Leprosy is a chronic granulomatous infectious multisystem disease that may present with protean manifestations. It mimics many systemic and dermatological disorders. Here we report a case in which an elderly female presented with malar rash, intermittent fever, and arthralgia. Her diagnosis was significantly delayed due to a close clinical resemblance to systemic lupus erythematosus. It is important to be aware of such manifestations of leprosy and improve awareness of it in clinicians to avoid misdiagnosis and delay in treatment.

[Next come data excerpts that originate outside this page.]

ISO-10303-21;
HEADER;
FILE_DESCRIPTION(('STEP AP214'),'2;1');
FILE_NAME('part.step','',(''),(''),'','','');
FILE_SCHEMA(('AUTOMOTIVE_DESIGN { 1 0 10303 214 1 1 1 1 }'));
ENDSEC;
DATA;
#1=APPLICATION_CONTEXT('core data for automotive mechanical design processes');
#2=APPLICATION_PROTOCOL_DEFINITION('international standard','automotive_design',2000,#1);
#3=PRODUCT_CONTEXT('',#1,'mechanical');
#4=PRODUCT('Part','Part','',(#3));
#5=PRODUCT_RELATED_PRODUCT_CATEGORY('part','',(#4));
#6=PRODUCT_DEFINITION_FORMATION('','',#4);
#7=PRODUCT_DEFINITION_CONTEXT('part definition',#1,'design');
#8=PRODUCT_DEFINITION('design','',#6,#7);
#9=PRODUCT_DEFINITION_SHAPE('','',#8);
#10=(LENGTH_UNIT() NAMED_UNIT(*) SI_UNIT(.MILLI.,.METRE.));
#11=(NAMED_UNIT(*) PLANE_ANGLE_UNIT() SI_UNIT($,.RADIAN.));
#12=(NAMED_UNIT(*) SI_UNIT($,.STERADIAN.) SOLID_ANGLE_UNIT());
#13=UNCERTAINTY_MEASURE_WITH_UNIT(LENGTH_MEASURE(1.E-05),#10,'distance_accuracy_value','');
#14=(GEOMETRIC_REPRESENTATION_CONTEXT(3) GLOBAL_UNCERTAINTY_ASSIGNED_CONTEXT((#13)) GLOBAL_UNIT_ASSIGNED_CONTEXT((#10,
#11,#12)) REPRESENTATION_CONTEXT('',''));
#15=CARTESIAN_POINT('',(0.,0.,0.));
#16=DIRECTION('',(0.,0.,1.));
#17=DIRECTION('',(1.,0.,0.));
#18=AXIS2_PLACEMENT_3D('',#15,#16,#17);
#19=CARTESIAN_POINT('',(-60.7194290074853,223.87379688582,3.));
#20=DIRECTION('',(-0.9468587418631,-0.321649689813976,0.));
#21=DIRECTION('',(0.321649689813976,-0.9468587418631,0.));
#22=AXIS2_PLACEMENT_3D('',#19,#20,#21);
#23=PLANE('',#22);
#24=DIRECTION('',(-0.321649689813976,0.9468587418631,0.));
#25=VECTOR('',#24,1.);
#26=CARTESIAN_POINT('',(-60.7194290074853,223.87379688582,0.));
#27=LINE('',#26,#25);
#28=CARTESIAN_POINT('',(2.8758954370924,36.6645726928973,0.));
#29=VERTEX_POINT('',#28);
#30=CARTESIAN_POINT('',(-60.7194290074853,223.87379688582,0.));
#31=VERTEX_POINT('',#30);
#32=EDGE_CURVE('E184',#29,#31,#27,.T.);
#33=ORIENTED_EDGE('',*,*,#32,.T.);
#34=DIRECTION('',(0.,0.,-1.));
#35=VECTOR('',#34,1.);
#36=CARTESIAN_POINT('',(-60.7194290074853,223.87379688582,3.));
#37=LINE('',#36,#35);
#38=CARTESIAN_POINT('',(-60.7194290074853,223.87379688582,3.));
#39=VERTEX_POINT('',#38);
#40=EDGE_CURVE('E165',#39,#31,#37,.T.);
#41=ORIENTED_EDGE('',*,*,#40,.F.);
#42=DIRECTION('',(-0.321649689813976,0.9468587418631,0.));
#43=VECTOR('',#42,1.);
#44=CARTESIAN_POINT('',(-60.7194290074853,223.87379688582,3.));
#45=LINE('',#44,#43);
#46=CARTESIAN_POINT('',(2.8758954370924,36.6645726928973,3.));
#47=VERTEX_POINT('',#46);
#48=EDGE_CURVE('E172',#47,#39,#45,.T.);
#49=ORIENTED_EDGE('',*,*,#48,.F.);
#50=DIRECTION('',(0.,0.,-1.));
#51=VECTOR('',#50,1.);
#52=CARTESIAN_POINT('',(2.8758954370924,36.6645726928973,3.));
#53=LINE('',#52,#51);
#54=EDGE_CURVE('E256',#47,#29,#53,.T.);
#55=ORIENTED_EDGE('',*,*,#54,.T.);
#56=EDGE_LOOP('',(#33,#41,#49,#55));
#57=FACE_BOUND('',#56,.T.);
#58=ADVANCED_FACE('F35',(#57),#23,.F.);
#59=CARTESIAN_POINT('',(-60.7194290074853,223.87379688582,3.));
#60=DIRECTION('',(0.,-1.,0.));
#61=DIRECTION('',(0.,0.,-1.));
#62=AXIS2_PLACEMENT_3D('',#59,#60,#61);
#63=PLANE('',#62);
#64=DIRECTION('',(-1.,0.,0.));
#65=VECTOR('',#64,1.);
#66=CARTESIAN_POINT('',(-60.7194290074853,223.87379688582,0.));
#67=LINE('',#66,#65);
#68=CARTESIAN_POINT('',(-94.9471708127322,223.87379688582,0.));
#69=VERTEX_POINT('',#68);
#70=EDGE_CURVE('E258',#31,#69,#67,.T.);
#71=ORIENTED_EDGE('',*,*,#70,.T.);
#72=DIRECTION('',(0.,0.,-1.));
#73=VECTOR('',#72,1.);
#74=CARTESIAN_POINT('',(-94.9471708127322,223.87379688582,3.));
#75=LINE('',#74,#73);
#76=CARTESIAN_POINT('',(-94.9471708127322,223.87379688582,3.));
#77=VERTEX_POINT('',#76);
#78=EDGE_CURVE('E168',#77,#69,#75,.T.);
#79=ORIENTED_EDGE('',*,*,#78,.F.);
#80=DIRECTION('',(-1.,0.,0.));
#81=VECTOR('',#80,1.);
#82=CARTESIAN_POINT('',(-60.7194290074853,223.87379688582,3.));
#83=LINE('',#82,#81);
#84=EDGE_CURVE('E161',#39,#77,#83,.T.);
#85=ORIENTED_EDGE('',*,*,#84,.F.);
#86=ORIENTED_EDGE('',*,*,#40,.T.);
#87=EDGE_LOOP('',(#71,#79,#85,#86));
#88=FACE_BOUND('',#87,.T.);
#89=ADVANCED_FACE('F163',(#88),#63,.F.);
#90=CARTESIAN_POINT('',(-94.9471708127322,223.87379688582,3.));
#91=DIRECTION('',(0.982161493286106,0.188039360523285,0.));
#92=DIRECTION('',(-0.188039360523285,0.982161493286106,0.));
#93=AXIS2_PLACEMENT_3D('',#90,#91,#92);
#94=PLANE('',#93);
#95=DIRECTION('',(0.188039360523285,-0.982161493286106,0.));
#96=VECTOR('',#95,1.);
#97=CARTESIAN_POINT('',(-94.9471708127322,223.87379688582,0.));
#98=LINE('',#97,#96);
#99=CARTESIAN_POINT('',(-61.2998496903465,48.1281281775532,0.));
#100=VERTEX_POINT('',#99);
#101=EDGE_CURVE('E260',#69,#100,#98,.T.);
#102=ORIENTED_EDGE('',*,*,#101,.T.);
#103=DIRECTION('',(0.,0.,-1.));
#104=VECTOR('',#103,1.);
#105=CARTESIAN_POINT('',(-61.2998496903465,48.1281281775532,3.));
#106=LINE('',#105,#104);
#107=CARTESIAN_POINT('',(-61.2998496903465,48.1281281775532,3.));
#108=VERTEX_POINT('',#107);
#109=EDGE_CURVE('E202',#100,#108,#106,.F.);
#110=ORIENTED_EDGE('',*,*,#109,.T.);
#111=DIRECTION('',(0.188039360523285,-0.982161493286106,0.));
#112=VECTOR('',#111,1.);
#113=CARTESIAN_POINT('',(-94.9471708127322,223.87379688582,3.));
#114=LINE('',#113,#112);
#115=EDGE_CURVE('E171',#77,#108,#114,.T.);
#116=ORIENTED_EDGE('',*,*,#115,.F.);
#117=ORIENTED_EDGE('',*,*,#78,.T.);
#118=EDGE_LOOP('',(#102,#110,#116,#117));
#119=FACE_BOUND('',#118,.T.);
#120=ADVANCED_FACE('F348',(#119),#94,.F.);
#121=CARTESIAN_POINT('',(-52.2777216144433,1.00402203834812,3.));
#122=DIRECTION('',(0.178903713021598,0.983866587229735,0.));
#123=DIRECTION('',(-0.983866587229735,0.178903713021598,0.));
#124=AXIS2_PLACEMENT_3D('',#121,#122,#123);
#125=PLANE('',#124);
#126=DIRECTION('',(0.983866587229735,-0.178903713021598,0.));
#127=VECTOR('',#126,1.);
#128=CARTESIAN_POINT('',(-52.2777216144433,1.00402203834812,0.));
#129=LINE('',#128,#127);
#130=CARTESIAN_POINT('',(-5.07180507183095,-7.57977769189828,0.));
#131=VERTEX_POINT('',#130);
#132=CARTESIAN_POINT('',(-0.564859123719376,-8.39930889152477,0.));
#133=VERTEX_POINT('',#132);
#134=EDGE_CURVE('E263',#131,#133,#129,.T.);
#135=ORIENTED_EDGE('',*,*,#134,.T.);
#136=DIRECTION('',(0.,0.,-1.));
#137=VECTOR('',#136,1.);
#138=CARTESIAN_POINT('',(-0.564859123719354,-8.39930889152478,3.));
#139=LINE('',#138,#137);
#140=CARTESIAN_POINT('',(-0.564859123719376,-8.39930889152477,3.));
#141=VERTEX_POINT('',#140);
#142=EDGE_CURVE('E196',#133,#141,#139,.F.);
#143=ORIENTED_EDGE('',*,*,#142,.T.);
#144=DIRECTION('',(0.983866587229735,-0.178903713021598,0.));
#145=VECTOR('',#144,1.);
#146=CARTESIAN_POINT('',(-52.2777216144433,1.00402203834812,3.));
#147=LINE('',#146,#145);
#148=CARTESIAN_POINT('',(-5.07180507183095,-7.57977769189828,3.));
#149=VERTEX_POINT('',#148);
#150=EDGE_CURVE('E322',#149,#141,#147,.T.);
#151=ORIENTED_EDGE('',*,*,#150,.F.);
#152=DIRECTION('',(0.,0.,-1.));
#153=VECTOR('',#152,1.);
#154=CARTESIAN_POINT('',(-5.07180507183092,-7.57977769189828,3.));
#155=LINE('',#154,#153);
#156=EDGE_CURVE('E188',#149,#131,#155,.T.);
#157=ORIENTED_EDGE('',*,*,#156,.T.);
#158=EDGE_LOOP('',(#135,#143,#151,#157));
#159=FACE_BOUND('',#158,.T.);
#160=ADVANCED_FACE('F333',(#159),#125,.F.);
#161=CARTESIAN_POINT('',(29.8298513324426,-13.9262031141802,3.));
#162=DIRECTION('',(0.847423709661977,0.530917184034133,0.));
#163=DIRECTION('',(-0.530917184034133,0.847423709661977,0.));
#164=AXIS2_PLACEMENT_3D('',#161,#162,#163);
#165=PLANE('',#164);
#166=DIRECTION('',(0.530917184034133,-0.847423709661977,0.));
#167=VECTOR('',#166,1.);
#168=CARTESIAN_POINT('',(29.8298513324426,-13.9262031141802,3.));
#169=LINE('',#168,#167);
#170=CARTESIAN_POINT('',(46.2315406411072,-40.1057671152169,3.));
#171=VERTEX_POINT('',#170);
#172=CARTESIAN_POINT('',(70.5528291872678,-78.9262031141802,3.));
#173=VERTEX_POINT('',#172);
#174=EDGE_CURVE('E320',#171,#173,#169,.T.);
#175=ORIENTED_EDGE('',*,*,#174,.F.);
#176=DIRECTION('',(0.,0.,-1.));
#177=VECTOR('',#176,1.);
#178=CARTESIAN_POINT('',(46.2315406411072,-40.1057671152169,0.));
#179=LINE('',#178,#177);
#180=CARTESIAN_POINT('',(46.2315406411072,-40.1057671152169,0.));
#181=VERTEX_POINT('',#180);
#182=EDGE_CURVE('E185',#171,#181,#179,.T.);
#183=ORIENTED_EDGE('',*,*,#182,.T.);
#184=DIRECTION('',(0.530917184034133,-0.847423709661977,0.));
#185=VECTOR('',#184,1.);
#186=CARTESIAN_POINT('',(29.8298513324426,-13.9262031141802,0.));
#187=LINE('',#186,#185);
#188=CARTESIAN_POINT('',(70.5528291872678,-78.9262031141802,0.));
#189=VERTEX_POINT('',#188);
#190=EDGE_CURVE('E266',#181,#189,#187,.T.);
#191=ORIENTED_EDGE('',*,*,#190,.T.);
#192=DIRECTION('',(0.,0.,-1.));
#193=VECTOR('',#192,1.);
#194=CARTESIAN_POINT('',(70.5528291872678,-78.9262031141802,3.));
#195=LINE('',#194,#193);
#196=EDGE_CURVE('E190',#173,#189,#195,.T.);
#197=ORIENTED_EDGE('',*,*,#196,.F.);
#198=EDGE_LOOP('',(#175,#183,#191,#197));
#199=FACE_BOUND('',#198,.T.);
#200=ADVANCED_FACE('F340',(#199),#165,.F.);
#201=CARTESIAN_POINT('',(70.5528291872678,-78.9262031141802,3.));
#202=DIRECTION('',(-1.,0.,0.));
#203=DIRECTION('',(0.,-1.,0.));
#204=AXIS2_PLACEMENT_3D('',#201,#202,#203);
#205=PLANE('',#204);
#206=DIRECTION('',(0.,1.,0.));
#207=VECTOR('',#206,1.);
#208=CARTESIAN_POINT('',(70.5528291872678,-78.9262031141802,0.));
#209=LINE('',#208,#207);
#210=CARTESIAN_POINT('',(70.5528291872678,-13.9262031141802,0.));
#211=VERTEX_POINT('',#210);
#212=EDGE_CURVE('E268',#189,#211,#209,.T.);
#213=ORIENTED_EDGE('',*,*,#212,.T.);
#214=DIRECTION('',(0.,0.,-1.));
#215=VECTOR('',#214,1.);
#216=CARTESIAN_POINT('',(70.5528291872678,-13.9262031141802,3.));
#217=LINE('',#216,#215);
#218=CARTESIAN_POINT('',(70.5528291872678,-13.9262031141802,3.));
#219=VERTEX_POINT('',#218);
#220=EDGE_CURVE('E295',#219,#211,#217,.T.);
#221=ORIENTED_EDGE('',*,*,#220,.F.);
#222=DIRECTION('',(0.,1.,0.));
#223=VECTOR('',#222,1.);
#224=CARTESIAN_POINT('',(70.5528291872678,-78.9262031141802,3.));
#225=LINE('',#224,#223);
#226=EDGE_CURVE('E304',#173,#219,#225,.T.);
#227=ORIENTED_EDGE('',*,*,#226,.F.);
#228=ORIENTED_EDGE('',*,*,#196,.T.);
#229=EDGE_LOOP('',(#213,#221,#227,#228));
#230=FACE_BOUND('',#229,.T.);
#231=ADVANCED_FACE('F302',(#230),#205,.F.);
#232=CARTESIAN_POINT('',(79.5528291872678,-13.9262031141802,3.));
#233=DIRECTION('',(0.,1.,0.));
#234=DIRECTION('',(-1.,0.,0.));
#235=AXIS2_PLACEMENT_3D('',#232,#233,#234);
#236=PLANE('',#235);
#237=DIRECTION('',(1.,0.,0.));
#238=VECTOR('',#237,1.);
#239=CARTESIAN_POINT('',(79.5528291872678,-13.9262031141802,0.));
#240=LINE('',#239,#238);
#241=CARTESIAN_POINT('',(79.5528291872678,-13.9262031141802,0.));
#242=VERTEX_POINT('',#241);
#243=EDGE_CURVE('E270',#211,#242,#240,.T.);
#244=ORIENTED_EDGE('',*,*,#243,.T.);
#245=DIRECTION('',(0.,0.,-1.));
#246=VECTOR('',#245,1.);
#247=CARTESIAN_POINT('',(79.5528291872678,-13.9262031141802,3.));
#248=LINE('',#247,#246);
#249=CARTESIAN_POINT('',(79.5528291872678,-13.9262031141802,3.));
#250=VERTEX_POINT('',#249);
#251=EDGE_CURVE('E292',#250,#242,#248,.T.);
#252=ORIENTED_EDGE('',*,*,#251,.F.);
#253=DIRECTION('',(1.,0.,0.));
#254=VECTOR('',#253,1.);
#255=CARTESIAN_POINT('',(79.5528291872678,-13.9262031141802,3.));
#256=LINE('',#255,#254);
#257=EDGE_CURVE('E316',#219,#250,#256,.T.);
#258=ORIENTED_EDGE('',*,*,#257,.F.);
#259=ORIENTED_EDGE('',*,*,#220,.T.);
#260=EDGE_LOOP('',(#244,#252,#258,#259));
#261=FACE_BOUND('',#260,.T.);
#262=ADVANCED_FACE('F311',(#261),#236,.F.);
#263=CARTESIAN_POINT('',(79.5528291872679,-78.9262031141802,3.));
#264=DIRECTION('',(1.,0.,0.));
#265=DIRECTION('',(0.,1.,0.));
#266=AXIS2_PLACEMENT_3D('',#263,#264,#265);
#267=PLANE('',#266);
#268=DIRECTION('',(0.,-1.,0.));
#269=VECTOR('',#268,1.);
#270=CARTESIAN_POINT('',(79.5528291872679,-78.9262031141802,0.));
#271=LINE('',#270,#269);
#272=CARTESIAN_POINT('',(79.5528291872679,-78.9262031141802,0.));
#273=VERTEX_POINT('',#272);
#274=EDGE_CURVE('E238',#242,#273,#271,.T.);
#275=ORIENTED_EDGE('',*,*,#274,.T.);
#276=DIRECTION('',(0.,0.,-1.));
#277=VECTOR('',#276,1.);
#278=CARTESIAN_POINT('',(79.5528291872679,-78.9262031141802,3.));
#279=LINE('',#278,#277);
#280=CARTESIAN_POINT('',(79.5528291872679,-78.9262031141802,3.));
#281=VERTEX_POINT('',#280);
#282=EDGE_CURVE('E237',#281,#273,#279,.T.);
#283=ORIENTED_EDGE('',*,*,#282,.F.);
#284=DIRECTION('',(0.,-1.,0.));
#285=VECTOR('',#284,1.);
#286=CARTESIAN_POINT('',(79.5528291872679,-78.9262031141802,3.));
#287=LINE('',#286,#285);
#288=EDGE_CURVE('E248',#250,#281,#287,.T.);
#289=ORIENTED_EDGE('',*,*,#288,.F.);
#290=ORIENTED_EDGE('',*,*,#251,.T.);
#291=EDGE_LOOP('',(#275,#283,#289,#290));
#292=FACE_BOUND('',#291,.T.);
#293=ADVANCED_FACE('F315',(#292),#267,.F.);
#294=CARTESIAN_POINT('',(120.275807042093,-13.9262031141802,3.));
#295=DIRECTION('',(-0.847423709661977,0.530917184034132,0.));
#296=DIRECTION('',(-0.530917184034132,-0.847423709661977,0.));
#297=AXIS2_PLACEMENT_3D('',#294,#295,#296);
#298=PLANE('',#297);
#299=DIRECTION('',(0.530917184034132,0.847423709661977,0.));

Keywords: leprosy, lupus, mimic

Introduction

Leprosy is an infectious disease caused by Mycobacterium leprae. It primarily affects the skin and peripheral nerves, but also other parts of the body such as the bones, liver, eyes, reticuloendothelial system, vascular endothelium, muscles, and upper respiratory tract (1). Leprosy may be clinically confused with other systemic diseases such as systemic lupus erythematosus (SLE), rheumatoid arthritis, sarcoidosis, drug rash, granuloma annulare, granuloma multiforme, pityriasis rotunda, erythema multiforme, and many others (2).

Case report

A 58-year-old female patient was referred by a physician to us for consultation on persistent malar rash for 6 months. Earlier, she had consulted him for intermittent low-grade fever, pain in the small joints of the hands and legs, fatigue, and anorexia of 1 year duration. There was mild photosensitivity over the malar areas. She was not taking any drugs before the onset of the symptoms and was healthy in the past. There was no family or past history of leprosy. She had traveled few times in the previous 4 years to relatives living in areas with higher endemicity for leprosy. Her complete blood counts, random blood sugar level, serum uric acid, liver function tests, renal function tests, and rheumatoid factor were within normal limits except for ESR, which was 80 mm. HIV and VDRL tests were negative. Her antinuclear antibody (ANA) by ELISA was positive with titer 1:120, but double stranded DNA (ds-DNA) was negative. Her chest X-ray and serum angiotensin-converting enzyme level were normal. She was diagnosed as a case of dsDNA-negative SLE and was initially prescribed analgesics with hydroxychloroquine. However, due to inadequate response she was switched over to oral prednisolone 30 mg per day and tapered gradually. Her other symptoms partially responded, but the malar rash persisted despite 6 months of this treatment. Hence she was referred to us.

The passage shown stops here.